Western Australia sets its sights on Asia

Western Australian wine producers are turning to the Asian market after a drop in local sales and exports.

Ferngrove wines in Asia

Ferngrove has grown its Chinese exports by over 1,000% in the past 10 months after heavy investment in the company from Chinese businessman Xingfa Ma.

Last March, Ma invested AU$10 million in the company, buying up nearly three quarters of its shares through his food company Pegasus.

In January this year, he made a further offer to shareholders to buy the remaining shares in Ferngrove for close to AU$4 million.

In the past year, 80% of Ferngrove’s business has shifted from Australia to China.

Rather than selling wine through agents, the company has chosen to set up 30 wine retail showrooms in China as a base for a team of sales representatives.
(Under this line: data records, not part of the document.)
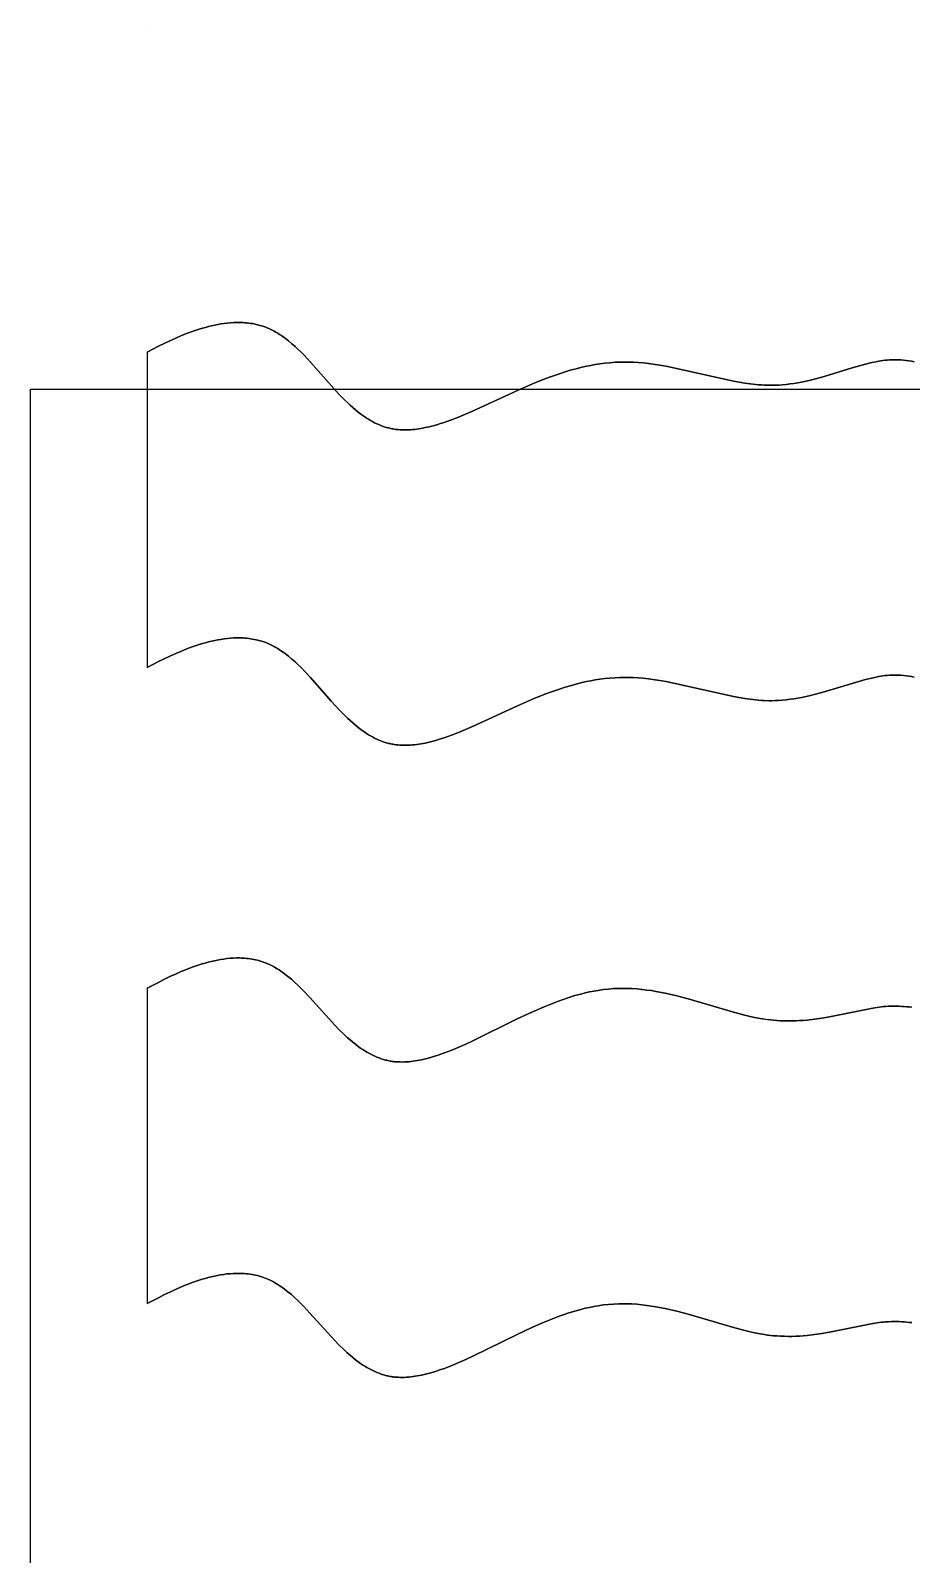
# Model space of a CAD drawing. Header units: feet. Extents: x 0 to 1.5, y 93.18 to 96.08.
# Drawn here: x 0 to 0.1875, y 95.752 to 96.0763 of the extents above; entities that cross this region are included whole.
import ezdxf

# ---------------------------------------------------------------- set-up
doc = ezdxf.new("R2010")
doc.units = ezdxf.units.FT
doc.header["$MEASUREMENT"] = 0
doc.layers.add('Default', color=7, linetype='Continuous', true_color=0x000000)

msp = doc.modelspace()

# ---------------------------------------------------------------- linework, layer by layer
at = {"layer": 'Default'}
for points in [[(0.02485, 96.00786), (0.02723, 96.00911), (0.02844, 96.00971), (0.02966, 96.01029), (0.0309, 96.01084), (0.03214, 96.01137), (0.03339, 96.01186), (0.03465, 96.01231), (0.03593, 96.01274), (0.03658, 96.01293), (0.03723, 96.01312), (0.03788, 96.01329), (0.03854, 96.01345), (0.0392, 96.0136), (0.03986, 96.01373), (0.04053, 96.01384), (0.0412, 96.01394), (0.04187, 96.01402), (0.04255, 96.01409), (0.04322, 96.01413), (0.0439, 96.01415), (0.04458, 96.01415), (0.04491, 96.01414), (0.04525, 96.01413), (0.04565, 96.0141), (0.04605, 96.01407), (0.04644, 96.01403), (0.04684, 96.01397), (0.04723, 96.01391), (0.04762, 96.01384), (0.04801, 96.01376), (0.0484, 96.01367), (0.04882, 96.01355), (0.04924, 96.01343), (0.04966, 96.01329), (0.05007, 96.01314), (0.05048, 96.01298), (0.05075, 96.01287), (0.05101, 96.01275), (0.05142, 96.01255), (0.05184, 96.01233), (0.05224, 96.01211), (0.05264, 96.01187), (0.05303, 96.01162), (0.05342, 96.01136), (0.0538, 96.0111), (0.05418, 96.01082), (0.05455, 96.01054), (0.05492, 96.01025), (0.05563, 96.00965), (0.05633, 96.00903), (0.057, 96.0084), (0.05765, 96.00776), (0.05829, 96.0071), (0.05956, 96.00574), (0.06399, 96.00073), (0.06571, 95.99885), (0.06686, 95.99768), (0.06745, 95.99711), (0.06805, 95.99655), (0.06861, 95.99605), (0.06917, 95.99557), (0.06975, 95.9951), (0.07034, 95.99465), (0.07073, 95.99436), (0.07114, 95.99408), (0.07154, 95.99381), (0.07196, 95.99355), (0.07238, 95.9933), (0.07281, 95.99306), (0.07324, 95.99284), (0.07368, 95.99262), (0.07413, 95.99242), (0.07458, 95.99223), (0.07504, 95.99206), (0.07551, 95.99191), (0.07574, 95.99184), (0.07598, 95.99177), (0.07621, 95.99171), (0.07645, 95.99165), (0.07669, 95.99159), (0.07693, 95.99154), (0.07717, 95.9915), (0.07742, 95.99146), (0.07772, 95.99141), (0.07816, 95.99136), (0.07861, 95.99132), (0.07906, 95.9913), (0.07951, 95.99129), (0.07996, 95.99129), (0.08041, 95.9913), (0.08086, 95.99133), (0.08132, 95.99137), (0.08177, 95.99141), (0.08221, 95.99147), (0.08266, 95.99154), (0.08311, 95.99161), (0.08399, 95.99178), (0.08486, 95.99198), (0.08567, 95.99218), (0.08648, 95.99241), (0.08726, 95.99264), (0.08803, 95.99289), (0.08957, 95.99344), (0.0911, 95.99402), (0.0926, 95.99464), (0.0941, 95.99528), (0.10363, 95.99969), (0.10682, 96.00108), (0.10946, 96.00215), (0.1109, 96.00268), (0.11235, 96.00319), (0.11359, 96.0036), (0.11484, 96.00398), (0.1161, 96.00433), (0.11737, 96.00464), (0.11831, 96.00485), (0.11925, 96.00504), (0.12019, 96.00521), (0.12114, 96.00535), (0.12223, 96.00549), (0.12332, 96.0056), (0.12441, 96.00568), (0.1255, 96.00573), (0.12633, 96.00574), (0.12717, 96.00574), (0.12825, 96.0057), (0.12933, 96.00564), (0.13041, 96.00555), (0.13149, 96.00543), (0.13341, 96.00516), (0.13532, 96.00484), (0.14963, 96.00169), (0.15081, 96.00146), (0.152, 96.00126), (0.15319, 96.00109), (0.15438, 96.00095), (0.15497, 96.0009), (0.15557, 96.00086), (0.15616, 96.00082), (0.15714, 96.0008), (0.15777, 96.0008), (0.15846, 96.00081), (0.15916, 96.00084), (0.15999, 96.0009), (0.16081, 96.00099), (0.16164, 96.00109), (0.16246, 96.0012), (0.16328, 96.00134), (0.1641, 96.00149), (0.16572, 96.00184), (0.16734, 96.00224), (0.16894, 96.00268), (0.1749, 96.00448), (0.17769, 96.00527), (0.17907, 96.00562), (0.18001, 96.00582), (0.18047, 96.00591), (0.18094, 96.00599), (0.18141, 96.00606), (0.18188, 96.00612), (0.18234, 96.00617), (0.1828, 96.00621), (0.18313, 96.00622), (0.18346, 96.00624), (0.18378, 96.00624), (0.18411, 96.00624), (0.18468, 96.00623), (0.18525, 96.0062), (0.18581, 96.00616), (0.18638, 96.00609), (0.18694, 96.00602), (0.1875, 96.00592), (0.18806, 96.00582)], [(0.18806, 96.00582), (0.1875, 96.00592), (0.18694, 96.00602), (0.18638, 96.00609), (0.18581, 96.00616), (0.18525, 96.0062), (0.18468, 96.00623), (0.18411, 96.00624), (0.18378, 96.00624), (0.18346, 96.00624), (0.18313, 96.00622), (0.1828, 96.00621), (0.18234, 96.00617), (0.18188, 96.00612), (0.18141, 96.00606), (0.18094, 96.00599), (0.18047, 96.00591), (0.18001, 96.00582), (0.17907, 96.00562), (0.17769, 96.00527), (0.1749, 96.00448), (0.16894, 96.00268), (0.16734, 96.00224), (0.16572, 96.00184), (0.1641, 96.00149), (0.16328, 96.00134), (0.16246, 96.0012), (0.16164, 96.00109), (0.16081, 96.00099), (0.15999, 96.0009), (0.15916, 96.00084), (0.15846, 96.00081), (0.15777, 96.0008), (0.15714, 96.0008), (0.15616, 96.00082), (0.15557, 96.00086), (0.15497, 96.0009), (0.15438, 96.00095), (0.15319, 96.00109), (0.152, 96.00126), (0.15081, 96.00146), (0.14963, 96.00169), (0.13532, 96.00484), (0.13341, 96.00516), (0.13149, 96.00543), (0.13041, 96.00555), (0.12933, 96.00564), (0.12825, 96.0057), (0.12717, 96.00574), (0.12633, 96.00574), (0.1255, 96.00573), (0.12441, 96.00568), (0.12332, 96.0056), (0.12223, 96.00549), (0.12114, 96.00535), (0.12019, 96.00521), (0.11925, 96.00504), (0.11831, 96.00485), (0.11737, 96.00464), (0.1161, 96.00433), (0.11484, 96.00398), (0.11359, 96.0036), (0.11235, 96.00319), (0.1109, 96.00268), (0.10946, 96.00215), (0.10682, 96.00108), (0.10363, 95.99969), (0.0941, 95.99528), (0.0926, 95.99464), (0.0911, 95.99402), (0.08957, 95.99344), (0.08803, 95.99289), (0.08726, 95.99264), (0.08648, 95.99241), (0.08567, 95.99218), (0.08486, 95.99198), (0.08399, 95.99178), (0.08311, 95.99161), (0.08266, 95.99154), (0.08221, 95.99147), (0.08177, 95.99141), (0.08132, 95.99137), (0.08086, 95.99133), (0.08041, 95.9913), (0.07996, 95.99129), (0.07951, 95.99129), (0.07906, 95.9913), (0.07861, 95.99132), (0.07816, 95.99136), (0.07772, 95.99141), (0.07742, 95.99146), (0.07717, 95.9915), (0.07693, 95.99154), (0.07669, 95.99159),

“Not a lot of sales occur within the shop, it’s more of a billboard to say ‘this is us, we are here for the long haul,'” said managing director Anthony Wilkes.

“We’ve got around 40 sales people that use the shops as a base then go out to their contacts and sell the wine,” Wilkes added.

Close collaboration with the company’s Chinese shareholder has been crucial to their sales strategy.

“He’ll get our wines into places that we never could have imagined existed – a lot of the sales are to government contacts,” Wilkes said.

“The majority of what we’ve learnt about selling in more traditional markets like Europe and the US you can throw out the window in Asia,” he added.

The latest figures from the Australian Bureau of Statistics show that while imports of international wine have risen more than 4%, exports have fallen.

“It’s not all doom and gloom because the figures show a resurgence in the over AU$20 a bottle category, which means West Australian wines fall into a premium price point, leading to an interest in exporting those wines to the Asian market,” the WA Wine Industry Association’s Aymee Mastaglia said.

“It’s a bit of a double-edged sword. The strength of the Australian dollar means it’s a lot more difficult to break even and make a profit from exports,” she added.